Leucettine L41

Leucettine L41 is an inhibitor of dual-specificity tyrosine phosphorylation-regulated kinase 1A (DYRK1A), DYRK2, CDC-like kinase 1 (CLK1), and CLK3 (IC50s = 0.04, 0.035, 0.015, and 4.5 µM, respectively). It also inhibits GSK3alpha/beta and Pim1 with IC50 values of 0.41 and 4.1 µM, respectively.
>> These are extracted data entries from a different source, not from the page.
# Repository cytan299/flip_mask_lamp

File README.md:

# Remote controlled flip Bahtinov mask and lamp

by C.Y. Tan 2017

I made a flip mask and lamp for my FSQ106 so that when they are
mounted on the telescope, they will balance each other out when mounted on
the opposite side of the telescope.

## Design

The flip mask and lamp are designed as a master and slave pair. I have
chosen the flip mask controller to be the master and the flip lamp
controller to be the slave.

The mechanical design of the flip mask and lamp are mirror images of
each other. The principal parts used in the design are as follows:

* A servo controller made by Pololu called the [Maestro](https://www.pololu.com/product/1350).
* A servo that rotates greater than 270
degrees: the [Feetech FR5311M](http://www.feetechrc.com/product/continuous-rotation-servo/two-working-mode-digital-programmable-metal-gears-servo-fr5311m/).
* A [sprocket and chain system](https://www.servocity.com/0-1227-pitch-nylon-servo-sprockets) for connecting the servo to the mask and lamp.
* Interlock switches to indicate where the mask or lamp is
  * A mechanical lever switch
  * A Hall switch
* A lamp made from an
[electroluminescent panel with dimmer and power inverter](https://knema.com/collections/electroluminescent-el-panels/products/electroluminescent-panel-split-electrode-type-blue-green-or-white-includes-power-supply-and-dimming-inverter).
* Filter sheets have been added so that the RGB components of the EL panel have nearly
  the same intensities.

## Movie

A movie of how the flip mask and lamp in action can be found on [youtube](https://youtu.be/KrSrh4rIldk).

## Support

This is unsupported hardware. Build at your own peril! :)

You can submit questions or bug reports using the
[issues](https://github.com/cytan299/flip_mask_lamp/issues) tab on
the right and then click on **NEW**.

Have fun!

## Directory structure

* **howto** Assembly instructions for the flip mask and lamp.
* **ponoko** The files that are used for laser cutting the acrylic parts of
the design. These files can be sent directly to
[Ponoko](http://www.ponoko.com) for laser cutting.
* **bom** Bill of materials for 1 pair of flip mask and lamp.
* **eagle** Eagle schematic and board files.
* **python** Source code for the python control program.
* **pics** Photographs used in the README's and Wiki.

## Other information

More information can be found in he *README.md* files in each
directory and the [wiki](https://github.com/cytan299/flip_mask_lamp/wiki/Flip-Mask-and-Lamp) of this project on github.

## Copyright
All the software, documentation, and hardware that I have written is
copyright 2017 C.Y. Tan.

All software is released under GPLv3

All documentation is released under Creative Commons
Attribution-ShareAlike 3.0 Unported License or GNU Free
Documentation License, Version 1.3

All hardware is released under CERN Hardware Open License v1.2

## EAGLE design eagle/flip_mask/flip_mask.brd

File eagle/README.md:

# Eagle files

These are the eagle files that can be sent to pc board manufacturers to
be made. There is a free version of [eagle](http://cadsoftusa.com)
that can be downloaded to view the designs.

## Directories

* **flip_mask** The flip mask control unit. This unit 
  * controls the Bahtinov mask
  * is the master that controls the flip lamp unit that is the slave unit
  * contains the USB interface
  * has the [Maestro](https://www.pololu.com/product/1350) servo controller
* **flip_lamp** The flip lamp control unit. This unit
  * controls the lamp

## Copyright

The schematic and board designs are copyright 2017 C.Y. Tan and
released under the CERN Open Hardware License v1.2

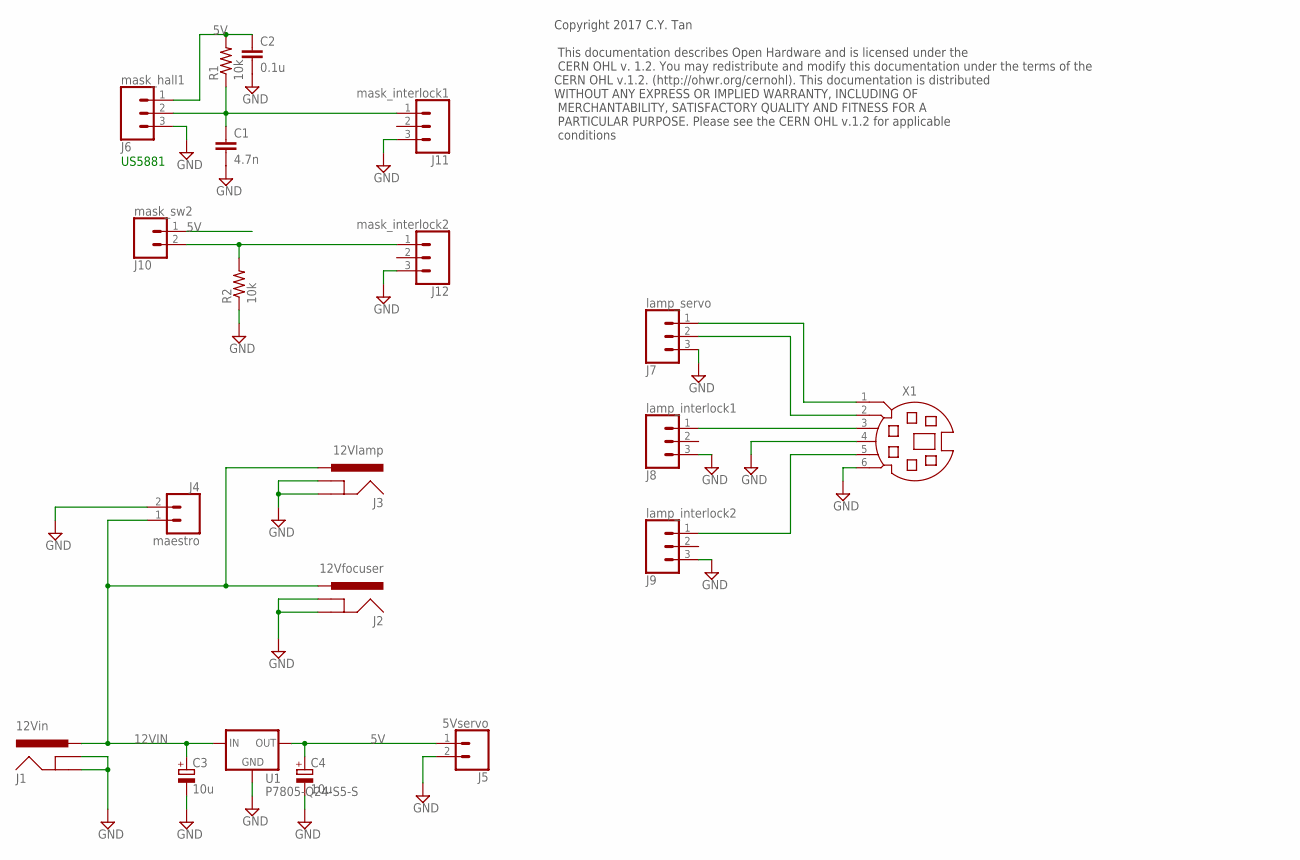
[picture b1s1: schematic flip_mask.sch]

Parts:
C1: 4.7n; CAP-PTH-5MM
C2: 0.1u; CAP-PTH-5MM
C3, C4: 10u; E2,5-6
J1: 12Vin; POWER_JACK_PTH
J2: 12Vfocuser; POWER_JACK_PTH
J3: 12Vlamp; POWER_JACK_PTH
J4: maestro; 1X02
J5: 5Vservo; 1X02
J6: mask_hall1; 1X03
J7: lamp_servo; 1X03
J8: lamp_interlock1; 1X03
J9: lamp_interlock2; 1X03
J10: mask_sw2; 1X02
J11: mask_interlock1; 1X03
J12: mask_interlock2; 1X03
R1, R2: 10k; 0207/10
U1: P7805-Q24-S5-S; DC-DC_CONVERTER_78XX
X1: MD06SS; MDIN06SS

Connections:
5V: C2.1, C4.+, J5.1, J6.1, J10.1, R1.2, U1.VOUT (OUT)
12VIN: C3.+, J1.PWR, J2.PWR, J3.PWR, J4.1, U1.VIN (IN)
GND: C1.2, C2.2, C3.-, C4.-, J1.GND, J1.GNDBREAK, J2.GND, J2.GNDBREAK, J3.GND, J3.GNDBREAK, J4.2, J5.2, J6.3, J7.3, J8.3, J9.3, J11.3, J12.3, R2.1, U1.GND, X1.4, X1.6
unnamed: C1.1, J6.2, J11.1, R1.1
unnamed: J7.2, X1.2
unnamed: J8.1, X1.3
unnamed: J10.2, J12.1, R2.2
unnamed: J7.1, X1.1
unnamed: J9.1, X1.5

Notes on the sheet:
US5881
Copyright 2017 C.Y. Tan This documentation describes Open Hardware and is licensed under the CERN OHL v. 1.2. You may redistribute and modify this documentation under the terms of the CERN OHL v.1.2. (http://ohwr.org/cernohl). This documentation is distributed WITHOUT ANY EXPRESS OR IMPLIED WARRANT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

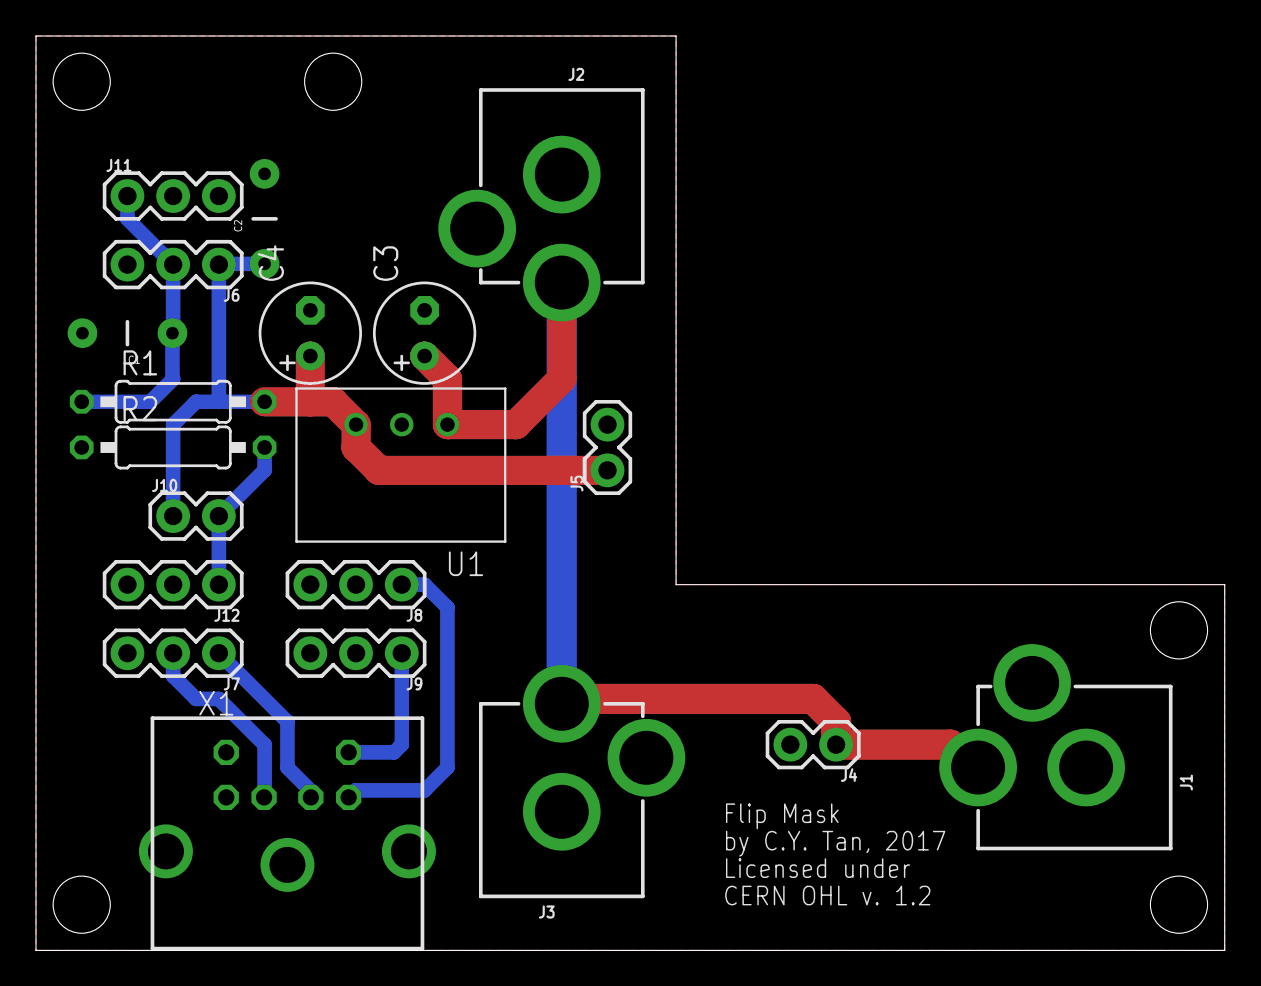
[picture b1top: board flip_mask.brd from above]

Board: 2 copper layers, 66.0 x 50.8 mm, 20 parts (0 on the bottom side), 9 nets.

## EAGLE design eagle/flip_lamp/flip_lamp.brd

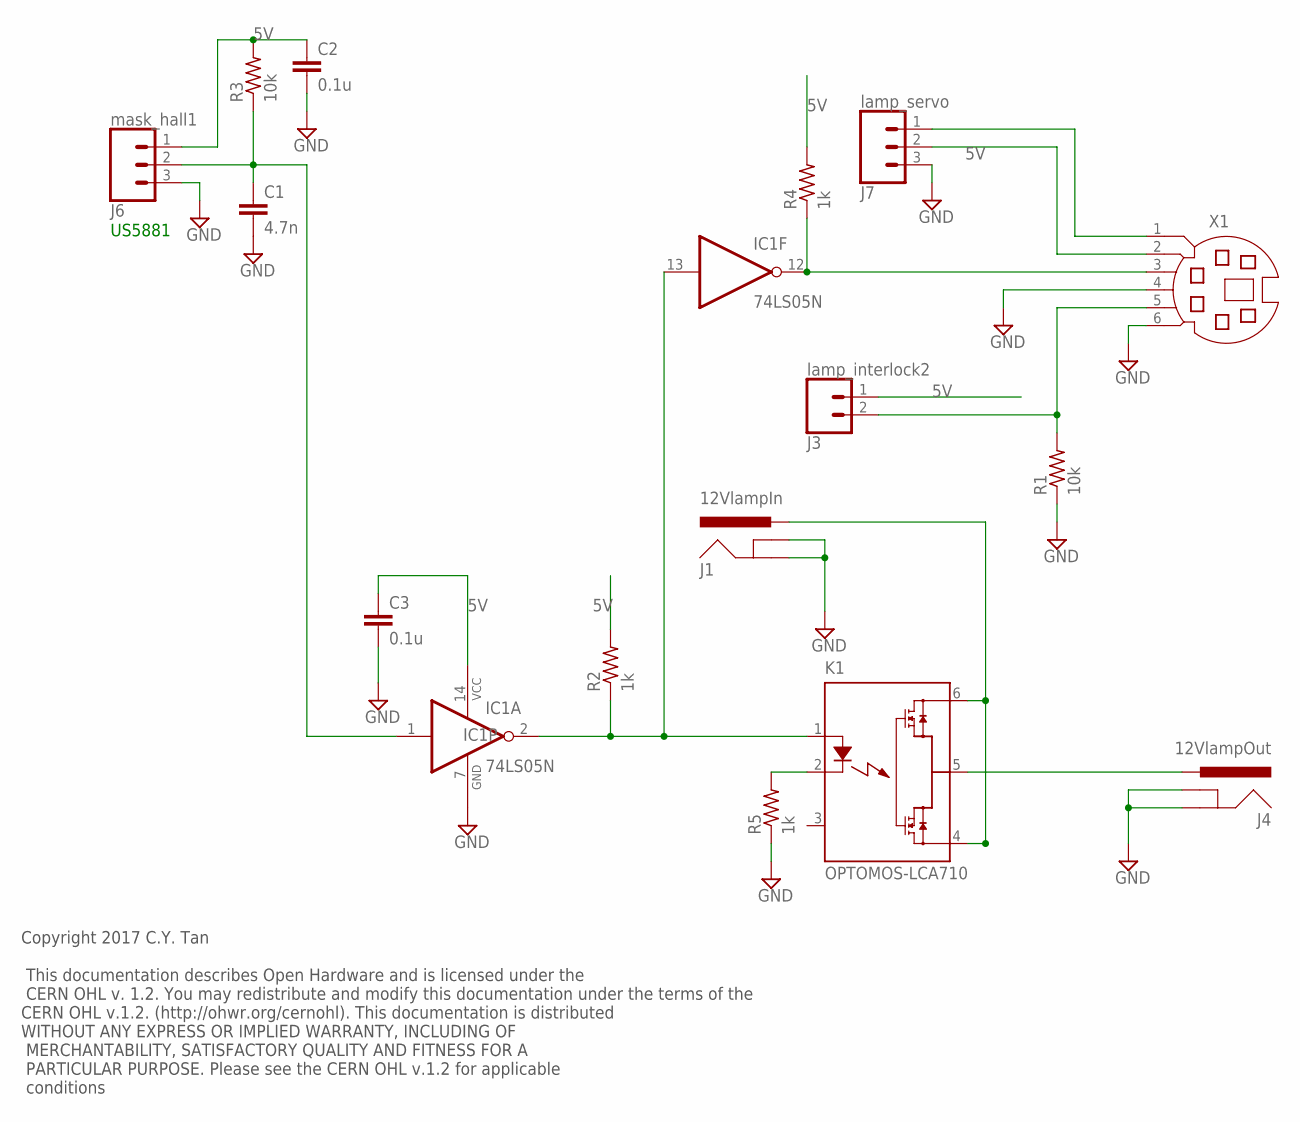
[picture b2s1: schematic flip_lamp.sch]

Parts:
C1: 4.7n; CAP-PTH-5MM
C2, C3: 0.1u; CAP-PTH-5MM
IC1: 74LS05N; DIL14
J1: 12VlampIn; POWER_JACK_PTH
J3: lamp_interlock2; 1X02
J4: 12VlampOut; POWER_JACK_PTH
J6: mask_hall1; 1X03
J7: lamp_servo; 1X03
K1: OPTOMOS-LCA710; DIL6
R1, R3: 10k; 0207/10
R2, R4, R5: 1k; 0207/10
X1: MD06SS; MDIN06SS

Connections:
5V: C2.1, C3.1, IC1.14 (VCC), J3.1, J6.1, J7.2, R2.2, R3.2, R4.2, X1.2
GND: C1.2, C2.2, C3.2, IC1.7 (GND), J1.GND, J1.GNDBREAK, J4.GND, J4.GNDBREAK, J6.3, J7.3, R1.1, R5.1, X1.4, X1.6
unnamed: IC1.12 (O), R4.1, X1.3
unnamed: J1.PWR, K1.4 (DS3), K1.6 (DS1)
unnamed: J4.PWR, K1.5 (DS2)
unnamed: IC1.2 (O), IC1.13 (I), K1.1 (A), R2.1
unnamed: J7.1, X1.1
unnamed: J3.2, R1.2, X1.5
unnamed: K1.2 (K), R5.2
unnamed: C1.1, IC1.1 (I), J6.2, R3.1

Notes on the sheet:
US5881
Copyright 2017 C.Y. Tan This documentation describes Open Hardware and is licensed under the CERN OHL v. 1.2. You may redistribute and modify this documentation under the terms of the CERN OHL v.1.2. (http://ohwr.org/cernohl). This documentation is distributed WITHOUT ANY EXPRESS OR IMPLIED WARRANT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

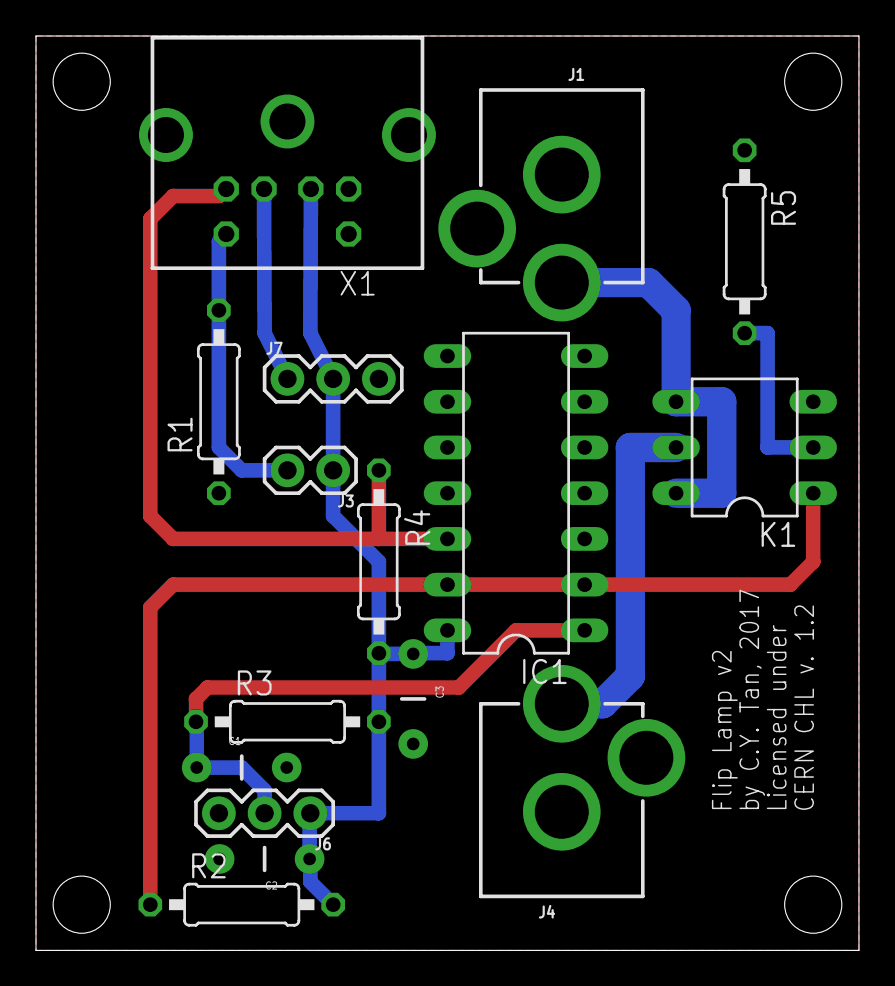
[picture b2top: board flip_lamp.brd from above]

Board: 2 copper layers, 45.7 x 50.8 mm, 16 parts (0 on the bottom side), 10 nets.

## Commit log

2017-09-04 First commit of flip mask and lamp
2017-09-04 More updates to README.md
2017-09-04 Added eagle/README.md
2017-09-04 Updated eagle/README.md
2017-11-19 Added instructions in assembly.pdf and updated the bill of materials bom.ods for filter sheets.
2019-10-04 removed and re-added python/flipit subdirectory so that python files are in repo

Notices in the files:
parts and their libraries:
SparkFun-Connectors: Licensing: Creative Commons ShareAlike 4.0 International - https://creativecommons.org/licenses/by-sa/4.0

It inhibits phosphorylation of the serine/arginine (SR) protein 9G8 by DYRK2, DYRK3, CLK1, CLK2, and CLK4 and inhibits TNF-alpha-induced SRp75 and SRp55 phosphorylation in human microvascular endothelial cells when used at concentrations ranging from 0.1 to 10 µM. Leucettine L41 modulates alternative pre-RNA splicing of a synthetic CLK1 minigene in a reporter model. It prevents lipid peroxidation and the accumulation of reactive oxygen species (ROS) induced by amyloid-beta 25-35 (Cay-24155) in the hippocampus in a mouse model of Alzheimer's disease-like toxicity. Leucettine L41 (0.4, 1.2, and 4 µg, i.c.v.) also prevents memory deficits induced by amyloid-beta 25-35 in the same model.Formal Name: (5Z)-5-(1,3-benzodioxol-5-ylmethylene)-3,5-dihydro-2-(phenylamino)-4H-imidazol-4-one. CAS Number: 1112978-84-3. Molecular Formula: C17H13N3O3. Formula Weight: 307.3. Purity: >98%. Formulation: (Request formulation change), A solid. Solubility: DMSO: soluble, Ethanol: soluble. SMILES: O=C1N=C(NC2=CC=CC=C2)N/C1=C\C3=CC=C4C(OCO4)=C3. InChi Code: InChI=1S/C17H13N3O3/c21-16-13(8-11-6-7-14-15(9-11)23-10-22-14)19-17(20-16)18-12-4-2-1-3-5-12/h1-9H,10H2,(H2,18,19,20,21)/b13-8-. InChi Key: PGPHHJBZEGSUNE-JYRVWZFOSA-N.